Throughout history, even before the formal development of the scientific method, scientists debating theories and changing their minds once existing ideas were disproven has given us an ever-greater understanding of the world around us. And that process continues today. Within the scientific community, lively debates continue about questions from whether amyloid plaques cause dementia to what a healthy diet really looks like. Outside the scientific community, debates continue on manmade climate change, vaccination and evolution, even though the scientific consensus on these topics is clear.
But some of the ideas that have been hugely controversial in history might well surprise you today. Here are some of the hardest-fought scientific battles of history, and how they were resolved.

1. Heliocentrism versus geocentrism

There are two great scientific debates from history that might have come to mind when you read the title of this article. One is about whether or not the world is flat. The other is about whether the Earth orbits the sun or vice versa.

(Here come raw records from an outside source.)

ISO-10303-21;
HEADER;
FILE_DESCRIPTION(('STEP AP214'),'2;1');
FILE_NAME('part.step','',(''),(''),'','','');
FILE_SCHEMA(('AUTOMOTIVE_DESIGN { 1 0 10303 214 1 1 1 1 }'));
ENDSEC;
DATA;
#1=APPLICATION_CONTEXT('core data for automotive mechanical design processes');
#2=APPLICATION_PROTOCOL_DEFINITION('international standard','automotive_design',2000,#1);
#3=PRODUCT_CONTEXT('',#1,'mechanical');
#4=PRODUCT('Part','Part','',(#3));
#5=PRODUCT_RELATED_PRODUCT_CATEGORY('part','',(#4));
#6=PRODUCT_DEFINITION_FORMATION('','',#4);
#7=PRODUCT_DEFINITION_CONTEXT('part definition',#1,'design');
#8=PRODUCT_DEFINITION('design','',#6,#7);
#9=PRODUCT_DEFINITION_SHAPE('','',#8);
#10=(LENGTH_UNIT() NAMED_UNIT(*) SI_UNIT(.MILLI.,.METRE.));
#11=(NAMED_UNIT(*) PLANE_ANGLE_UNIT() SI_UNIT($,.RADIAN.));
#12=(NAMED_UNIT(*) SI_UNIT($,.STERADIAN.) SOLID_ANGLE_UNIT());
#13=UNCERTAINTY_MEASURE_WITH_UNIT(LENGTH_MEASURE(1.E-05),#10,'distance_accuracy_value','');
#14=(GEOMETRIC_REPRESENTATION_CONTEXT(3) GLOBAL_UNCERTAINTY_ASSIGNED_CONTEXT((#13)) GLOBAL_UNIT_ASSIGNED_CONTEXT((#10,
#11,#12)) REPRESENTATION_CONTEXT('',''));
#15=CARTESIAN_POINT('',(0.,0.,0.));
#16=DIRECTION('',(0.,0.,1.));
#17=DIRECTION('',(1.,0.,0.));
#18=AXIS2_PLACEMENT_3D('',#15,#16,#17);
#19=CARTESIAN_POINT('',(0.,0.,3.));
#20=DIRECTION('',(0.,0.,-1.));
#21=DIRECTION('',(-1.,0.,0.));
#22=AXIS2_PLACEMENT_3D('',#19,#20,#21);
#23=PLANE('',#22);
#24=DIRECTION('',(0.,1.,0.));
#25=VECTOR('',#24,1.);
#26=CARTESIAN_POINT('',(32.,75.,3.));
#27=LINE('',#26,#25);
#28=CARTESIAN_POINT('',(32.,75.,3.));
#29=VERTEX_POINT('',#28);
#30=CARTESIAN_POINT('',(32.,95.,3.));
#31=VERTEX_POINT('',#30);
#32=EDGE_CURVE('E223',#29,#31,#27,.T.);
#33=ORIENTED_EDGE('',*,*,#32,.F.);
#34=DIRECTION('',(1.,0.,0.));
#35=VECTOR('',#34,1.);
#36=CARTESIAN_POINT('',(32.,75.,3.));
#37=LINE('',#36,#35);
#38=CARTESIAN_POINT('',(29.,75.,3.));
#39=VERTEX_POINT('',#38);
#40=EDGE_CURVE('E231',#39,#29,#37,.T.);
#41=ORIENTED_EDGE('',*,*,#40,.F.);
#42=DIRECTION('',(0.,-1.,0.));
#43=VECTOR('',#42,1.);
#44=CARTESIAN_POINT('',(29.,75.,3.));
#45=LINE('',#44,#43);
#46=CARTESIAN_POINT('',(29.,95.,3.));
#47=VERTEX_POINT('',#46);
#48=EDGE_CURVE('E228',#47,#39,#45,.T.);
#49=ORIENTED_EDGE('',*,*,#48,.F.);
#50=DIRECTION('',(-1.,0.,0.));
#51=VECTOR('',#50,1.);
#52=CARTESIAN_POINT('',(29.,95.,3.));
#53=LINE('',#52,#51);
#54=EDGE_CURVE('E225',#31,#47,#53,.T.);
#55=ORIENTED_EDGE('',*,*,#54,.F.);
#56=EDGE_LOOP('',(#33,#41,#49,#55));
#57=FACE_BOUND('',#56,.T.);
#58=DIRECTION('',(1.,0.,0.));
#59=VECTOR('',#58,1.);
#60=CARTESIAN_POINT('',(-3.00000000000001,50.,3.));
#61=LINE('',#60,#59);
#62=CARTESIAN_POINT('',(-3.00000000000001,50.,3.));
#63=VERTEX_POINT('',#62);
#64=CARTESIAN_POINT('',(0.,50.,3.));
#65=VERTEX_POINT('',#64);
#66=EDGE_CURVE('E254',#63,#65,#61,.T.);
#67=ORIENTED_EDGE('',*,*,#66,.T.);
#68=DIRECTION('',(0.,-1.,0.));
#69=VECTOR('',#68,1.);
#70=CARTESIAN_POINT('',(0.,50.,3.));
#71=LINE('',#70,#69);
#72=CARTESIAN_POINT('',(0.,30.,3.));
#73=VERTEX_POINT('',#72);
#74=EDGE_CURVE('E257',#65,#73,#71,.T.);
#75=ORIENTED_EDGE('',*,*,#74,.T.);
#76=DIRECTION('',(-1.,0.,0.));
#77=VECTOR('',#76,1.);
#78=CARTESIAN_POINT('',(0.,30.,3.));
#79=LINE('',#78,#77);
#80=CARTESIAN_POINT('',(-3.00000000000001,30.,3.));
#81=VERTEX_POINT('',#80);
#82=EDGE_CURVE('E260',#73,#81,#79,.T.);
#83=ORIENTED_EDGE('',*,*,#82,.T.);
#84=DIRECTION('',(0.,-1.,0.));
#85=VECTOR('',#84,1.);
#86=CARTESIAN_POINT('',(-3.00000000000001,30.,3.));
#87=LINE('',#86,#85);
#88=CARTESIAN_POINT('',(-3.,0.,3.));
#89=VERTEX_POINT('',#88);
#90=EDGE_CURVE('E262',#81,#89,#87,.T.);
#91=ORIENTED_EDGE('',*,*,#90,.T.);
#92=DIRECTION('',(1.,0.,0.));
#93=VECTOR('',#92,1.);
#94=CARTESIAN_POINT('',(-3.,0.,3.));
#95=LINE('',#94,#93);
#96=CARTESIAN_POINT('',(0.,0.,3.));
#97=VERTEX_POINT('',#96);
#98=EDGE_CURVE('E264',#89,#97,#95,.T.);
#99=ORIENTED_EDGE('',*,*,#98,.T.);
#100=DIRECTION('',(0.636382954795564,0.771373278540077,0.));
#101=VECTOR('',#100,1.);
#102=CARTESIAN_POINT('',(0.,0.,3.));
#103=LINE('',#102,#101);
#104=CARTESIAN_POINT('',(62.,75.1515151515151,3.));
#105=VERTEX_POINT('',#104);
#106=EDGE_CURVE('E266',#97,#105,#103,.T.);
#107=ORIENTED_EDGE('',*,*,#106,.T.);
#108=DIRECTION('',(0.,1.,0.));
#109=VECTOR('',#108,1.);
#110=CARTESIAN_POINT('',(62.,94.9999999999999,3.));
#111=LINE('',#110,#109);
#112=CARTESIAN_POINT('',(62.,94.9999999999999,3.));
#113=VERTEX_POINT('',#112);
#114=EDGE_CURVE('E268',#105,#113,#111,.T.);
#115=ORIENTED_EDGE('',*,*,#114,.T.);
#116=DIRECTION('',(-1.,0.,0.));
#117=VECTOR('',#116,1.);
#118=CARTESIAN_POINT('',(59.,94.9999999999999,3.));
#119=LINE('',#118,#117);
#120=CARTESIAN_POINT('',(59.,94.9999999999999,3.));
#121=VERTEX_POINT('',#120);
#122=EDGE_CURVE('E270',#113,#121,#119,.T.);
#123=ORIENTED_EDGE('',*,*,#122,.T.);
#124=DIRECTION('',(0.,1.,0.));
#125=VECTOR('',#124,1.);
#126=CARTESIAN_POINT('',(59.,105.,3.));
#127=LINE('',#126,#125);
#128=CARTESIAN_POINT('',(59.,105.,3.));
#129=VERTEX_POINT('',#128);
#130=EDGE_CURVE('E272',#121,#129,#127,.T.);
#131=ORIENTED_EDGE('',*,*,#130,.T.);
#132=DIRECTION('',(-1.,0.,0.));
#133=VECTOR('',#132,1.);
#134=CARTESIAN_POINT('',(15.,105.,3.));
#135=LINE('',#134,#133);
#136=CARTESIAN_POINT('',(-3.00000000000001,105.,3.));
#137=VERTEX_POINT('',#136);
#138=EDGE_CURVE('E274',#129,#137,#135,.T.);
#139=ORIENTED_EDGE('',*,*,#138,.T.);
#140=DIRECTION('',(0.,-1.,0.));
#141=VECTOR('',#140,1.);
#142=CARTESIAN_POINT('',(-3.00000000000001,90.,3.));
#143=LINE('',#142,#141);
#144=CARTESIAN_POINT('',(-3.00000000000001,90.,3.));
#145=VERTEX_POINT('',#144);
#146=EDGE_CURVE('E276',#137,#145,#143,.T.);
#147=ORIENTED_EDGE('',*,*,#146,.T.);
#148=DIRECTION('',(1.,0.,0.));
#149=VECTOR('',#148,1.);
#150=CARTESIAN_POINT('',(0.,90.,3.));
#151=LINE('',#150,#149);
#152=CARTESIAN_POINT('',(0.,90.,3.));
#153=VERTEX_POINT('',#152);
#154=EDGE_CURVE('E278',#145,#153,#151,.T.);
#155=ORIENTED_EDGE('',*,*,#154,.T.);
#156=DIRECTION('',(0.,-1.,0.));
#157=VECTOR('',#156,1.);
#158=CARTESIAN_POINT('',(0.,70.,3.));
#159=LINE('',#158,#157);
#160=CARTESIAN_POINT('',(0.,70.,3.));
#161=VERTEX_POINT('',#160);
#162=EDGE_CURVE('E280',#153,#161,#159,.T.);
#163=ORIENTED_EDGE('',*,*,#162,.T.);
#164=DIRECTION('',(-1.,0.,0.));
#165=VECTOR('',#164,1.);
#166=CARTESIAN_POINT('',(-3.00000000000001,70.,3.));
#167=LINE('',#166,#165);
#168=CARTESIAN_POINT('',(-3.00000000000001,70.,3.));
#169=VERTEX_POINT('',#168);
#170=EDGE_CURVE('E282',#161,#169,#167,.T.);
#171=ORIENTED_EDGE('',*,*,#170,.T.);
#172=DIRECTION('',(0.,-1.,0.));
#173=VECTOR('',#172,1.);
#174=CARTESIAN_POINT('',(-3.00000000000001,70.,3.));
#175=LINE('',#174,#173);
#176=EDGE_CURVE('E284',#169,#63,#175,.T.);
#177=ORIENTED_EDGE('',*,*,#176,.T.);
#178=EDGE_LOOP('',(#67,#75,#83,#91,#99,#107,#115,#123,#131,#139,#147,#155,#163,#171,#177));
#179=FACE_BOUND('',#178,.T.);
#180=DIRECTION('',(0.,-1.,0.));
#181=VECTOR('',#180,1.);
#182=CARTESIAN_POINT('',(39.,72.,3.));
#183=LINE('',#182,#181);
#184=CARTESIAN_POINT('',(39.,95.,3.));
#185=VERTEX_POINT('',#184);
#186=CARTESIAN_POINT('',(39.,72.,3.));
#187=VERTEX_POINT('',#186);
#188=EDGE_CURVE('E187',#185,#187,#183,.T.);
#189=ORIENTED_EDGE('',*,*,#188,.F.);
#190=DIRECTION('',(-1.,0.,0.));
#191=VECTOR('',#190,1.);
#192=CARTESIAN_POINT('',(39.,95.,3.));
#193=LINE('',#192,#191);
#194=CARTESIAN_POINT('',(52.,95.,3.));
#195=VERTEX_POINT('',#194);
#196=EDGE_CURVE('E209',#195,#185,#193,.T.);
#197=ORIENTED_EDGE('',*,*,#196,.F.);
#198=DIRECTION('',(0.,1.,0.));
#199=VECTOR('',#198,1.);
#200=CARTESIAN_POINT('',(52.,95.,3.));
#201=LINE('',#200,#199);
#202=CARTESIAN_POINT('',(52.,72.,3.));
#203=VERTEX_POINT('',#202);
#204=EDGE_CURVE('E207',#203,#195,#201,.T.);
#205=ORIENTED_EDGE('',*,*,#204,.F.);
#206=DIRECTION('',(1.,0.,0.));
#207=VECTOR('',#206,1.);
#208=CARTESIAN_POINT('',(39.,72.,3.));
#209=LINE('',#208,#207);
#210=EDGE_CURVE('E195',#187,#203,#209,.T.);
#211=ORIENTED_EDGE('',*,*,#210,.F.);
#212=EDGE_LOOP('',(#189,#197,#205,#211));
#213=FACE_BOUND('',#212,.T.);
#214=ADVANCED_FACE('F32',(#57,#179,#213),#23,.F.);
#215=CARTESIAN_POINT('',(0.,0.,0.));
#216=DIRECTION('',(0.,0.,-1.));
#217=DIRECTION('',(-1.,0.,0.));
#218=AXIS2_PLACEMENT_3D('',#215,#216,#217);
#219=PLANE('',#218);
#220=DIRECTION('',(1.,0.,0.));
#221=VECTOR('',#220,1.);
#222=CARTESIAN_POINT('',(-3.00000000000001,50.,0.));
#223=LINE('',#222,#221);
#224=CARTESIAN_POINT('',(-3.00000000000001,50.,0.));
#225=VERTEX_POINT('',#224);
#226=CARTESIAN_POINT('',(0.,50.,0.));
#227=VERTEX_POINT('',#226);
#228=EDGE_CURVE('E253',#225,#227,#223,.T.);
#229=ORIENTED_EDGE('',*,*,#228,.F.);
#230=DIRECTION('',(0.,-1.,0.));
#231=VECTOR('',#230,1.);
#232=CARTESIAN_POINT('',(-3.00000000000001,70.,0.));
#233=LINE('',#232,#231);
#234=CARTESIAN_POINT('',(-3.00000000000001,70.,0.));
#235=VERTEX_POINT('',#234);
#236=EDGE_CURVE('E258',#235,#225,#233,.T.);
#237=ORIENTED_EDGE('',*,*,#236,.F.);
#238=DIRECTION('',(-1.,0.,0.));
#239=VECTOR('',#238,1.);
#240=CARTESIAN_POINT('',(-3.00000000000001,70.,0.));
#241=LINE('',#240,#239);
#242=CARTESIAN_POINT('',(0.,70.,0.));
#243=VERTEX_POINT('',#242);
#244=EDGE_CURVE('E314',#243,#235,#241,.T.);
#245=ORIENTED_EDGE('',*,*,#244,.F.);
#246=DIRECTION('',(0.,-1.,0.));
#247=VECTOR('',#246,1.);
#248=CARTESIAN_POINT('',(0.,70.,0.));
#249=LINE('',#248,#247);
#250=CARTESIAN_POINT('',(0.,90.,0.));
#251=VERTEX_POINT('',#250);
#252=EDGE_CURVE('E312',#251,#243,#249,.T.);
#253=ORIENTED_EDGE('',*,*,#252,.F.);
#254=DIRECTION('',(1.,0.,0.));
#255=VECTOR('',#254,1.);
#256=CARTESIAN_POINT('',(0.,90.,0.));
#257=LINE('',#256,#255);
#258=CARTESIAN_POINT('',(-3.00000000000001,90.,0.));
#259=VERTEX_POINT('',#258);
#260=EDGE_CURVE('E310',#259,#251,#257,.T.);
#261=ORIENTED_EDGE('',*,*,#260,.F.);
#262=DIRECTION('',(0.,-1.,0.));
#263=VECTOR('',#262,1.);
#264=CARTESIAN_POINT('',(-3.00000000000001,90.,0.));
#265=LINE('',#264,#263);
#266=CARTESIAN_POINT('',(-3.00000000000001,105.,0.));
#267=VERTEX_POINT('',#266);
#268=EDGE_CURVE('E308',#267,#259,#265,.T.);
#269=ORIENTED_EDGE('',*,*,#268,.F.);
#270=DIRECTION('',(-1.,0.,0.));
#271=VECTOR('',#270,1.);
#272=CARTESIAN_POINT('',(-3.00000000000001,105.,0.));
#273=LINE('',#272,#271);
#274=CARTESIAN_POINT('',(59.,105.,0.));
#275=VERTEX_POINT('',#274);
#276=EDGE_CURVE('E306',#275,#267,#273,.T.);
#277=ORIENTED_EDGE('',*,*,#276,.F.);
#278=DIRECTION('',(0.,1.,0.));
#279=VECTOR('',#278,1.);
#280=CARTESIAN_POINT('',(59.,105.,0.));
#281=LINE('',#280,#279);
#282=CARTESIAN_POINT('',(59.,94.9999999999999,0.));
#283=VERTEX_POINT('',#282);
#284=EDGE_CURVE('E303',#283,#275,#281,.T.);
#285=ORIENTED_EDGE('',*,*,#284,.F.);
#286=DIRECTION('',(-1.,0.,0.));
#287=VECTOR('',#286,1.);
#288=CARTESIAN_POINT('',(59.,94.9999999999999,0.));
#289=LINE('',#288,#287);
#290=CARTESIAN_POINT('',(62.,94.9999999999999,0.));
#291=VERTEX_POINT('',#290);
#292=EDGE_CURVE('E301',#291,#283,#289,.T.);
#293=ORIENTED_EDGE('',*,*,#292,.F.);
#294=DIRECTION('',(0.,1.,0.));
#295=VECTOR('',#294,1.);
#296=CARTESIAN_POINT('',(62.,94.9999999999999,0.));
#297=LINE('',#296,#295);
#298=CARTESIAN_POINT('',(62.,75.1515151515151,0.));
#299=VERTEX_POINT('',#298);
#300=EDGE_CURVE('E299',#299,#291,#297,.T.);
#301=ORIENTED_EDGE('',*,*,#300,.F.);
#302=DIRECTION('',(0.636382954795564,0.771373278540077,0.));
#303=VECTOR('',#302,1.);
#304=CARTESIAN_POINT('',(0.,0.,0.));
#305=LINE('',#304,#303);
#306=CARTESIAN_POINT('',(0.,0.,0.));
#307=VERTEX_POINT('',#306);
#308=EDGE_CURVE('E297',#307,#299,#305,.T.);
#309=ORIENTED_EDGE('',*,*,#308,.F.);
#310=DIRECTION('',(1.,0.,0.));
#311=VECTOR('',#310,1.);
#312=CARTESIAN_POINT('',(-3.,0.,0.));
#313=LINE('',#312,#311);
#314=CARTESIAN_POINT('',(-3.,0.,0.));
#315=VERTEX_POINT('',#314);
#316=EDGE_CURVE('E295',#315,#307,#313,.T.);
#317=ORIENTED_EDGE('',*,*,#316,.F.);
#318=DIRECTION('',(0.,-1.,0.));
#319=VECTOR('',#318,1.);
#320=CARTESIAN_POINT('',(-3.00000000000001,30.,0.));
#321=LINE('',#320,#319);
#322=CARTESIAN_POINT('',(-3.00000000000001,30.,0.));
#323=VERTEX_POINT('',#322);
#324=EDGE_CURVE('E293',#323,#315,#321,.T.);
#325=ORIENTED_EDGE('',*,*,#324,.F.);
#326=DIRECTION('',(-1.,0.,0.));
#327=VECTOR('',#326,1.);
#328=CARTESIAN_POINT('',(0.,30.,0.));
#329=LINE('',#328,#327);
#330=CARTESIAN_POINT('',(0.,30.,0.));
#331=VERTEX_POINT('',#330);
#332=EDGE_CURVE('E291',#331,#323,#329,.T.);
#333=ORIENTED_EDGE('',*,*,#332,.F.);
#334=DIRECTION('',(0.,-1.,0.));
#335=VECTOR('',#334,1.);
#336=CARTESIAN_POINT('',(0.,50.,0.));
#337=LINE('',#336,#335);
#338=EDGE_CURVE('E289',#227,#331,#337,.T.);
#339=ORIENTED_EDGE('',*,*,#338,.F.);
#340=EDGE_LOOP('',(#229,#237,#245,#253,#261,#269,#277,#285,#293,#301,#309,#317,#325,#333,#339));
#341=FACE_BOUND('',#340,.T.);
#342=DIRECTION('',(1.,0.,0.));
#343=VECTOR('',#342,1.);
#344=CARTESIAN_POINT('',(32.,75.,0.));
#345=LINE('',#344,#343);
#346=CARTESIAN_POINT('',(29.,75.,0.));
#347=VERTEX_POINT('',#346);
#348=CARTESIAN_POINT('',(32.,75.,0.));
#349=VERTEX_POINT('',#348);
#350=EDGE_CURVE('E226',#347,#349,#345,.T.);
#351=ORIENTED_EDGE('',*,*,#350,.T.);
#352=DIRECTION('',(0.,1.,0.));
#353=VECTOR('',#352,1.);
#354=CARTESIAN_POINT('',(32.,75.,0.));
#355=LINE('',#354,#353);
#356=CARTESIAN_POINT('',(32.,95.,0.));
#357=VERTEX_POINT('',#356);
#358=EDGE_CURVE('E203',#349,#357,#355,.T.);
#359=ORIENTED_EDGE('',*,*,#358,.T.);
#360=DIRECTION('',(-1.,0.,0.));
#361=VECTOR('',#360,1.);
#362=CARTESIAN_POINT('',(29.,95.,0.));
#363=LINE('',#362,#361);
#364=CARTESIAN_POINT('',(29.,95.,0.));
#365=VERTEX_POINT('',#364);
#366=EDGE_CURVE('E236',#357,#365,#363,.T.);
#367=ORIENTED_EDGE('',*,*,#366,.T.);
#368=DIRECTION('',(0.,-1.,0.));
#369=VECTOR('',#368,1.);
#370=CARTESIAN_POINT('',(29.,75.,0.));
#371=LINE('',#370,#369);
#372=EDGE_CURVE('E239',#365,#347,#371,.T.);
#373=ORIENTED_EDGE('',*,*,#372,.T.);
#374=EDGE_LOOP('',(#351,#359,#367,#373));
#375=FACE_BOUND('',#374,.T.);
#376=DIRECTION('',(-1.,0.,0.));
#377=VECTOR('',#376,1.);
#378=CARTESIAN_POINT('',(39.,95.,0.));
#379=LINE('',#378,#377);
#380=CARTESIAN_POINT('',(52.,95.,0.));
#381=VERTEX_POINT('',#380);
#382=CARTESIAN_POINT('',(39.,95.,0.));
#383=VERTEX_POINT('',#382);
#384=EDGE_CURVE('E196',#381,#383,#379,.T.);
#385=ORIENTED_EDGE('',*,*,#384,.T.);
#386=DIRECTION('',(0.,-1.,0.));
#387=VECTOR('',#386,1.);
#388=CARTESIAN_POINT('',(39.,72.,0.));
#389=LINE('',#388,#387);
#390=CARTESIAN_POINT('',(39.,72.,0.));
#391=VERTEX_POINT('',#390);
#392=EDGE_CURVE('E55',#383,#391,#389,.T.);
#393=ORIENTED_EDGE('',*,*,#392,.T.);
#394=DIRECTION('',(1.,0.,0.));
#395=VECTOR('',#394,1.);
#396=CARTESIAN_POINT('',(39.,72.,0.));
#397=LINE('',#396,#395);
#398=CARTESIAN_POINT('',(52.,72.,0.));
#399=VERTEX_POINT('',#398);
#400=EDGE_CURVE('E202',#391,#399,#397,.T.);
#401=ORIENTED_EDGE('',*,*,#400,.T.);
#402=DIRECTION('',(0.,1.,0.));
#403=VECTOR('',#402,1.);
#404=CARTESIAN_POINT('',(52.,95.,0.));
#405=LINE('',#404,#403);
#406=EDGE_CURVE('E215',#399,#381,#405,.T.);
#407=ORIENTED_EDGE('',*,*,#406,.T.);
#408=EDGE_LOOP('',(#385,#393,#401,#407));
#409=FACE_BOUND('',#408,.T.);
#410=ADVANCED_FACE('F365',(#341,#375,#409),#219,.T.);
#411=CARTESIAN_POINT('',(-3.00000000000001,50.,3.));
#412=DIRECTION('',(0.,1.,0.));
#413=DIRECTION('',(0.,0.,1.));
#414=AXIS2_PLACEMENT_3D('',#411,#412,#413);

The fun thing about this is that the first of those two debates is a myth; no one has seriously doubted the fact that the Earth is round since the first ships were seen to go over the horizon. But the second of those debates was quite the opposite: it raged for some decades, and saw scientists persecuted for their arguments in favour of the heliocentric model.
While various scientists throughout the ages have proposed that perhaps the Earth orbits the sun rather than vice versa, the person usually credited with producing the first plausible version of the idea was Nicolaus Copernicus in the 1530s. Copernicus’ explanation wasn’t entirely right either – his model had the planets orbiting the sun in perfect circular obits – but it was a lot closer than mainstream opinion at the time. The trouble was, that Copernicus’ model neither fit the mathematical data well enough to persuade all of his fellow astronomers (given its flaws) nor pleased people who disliked the idea that humanity might not be at the centre of the universe. Galileo Galilei, who championed Copernicus’ theory, was even subject to investigation by the Roman Inquisition and after being found guilty of heresy, spent the rest of his life under house arrest. Only from the 1800s was it generally accepted that the Earth orbited the sun, and not the other way around.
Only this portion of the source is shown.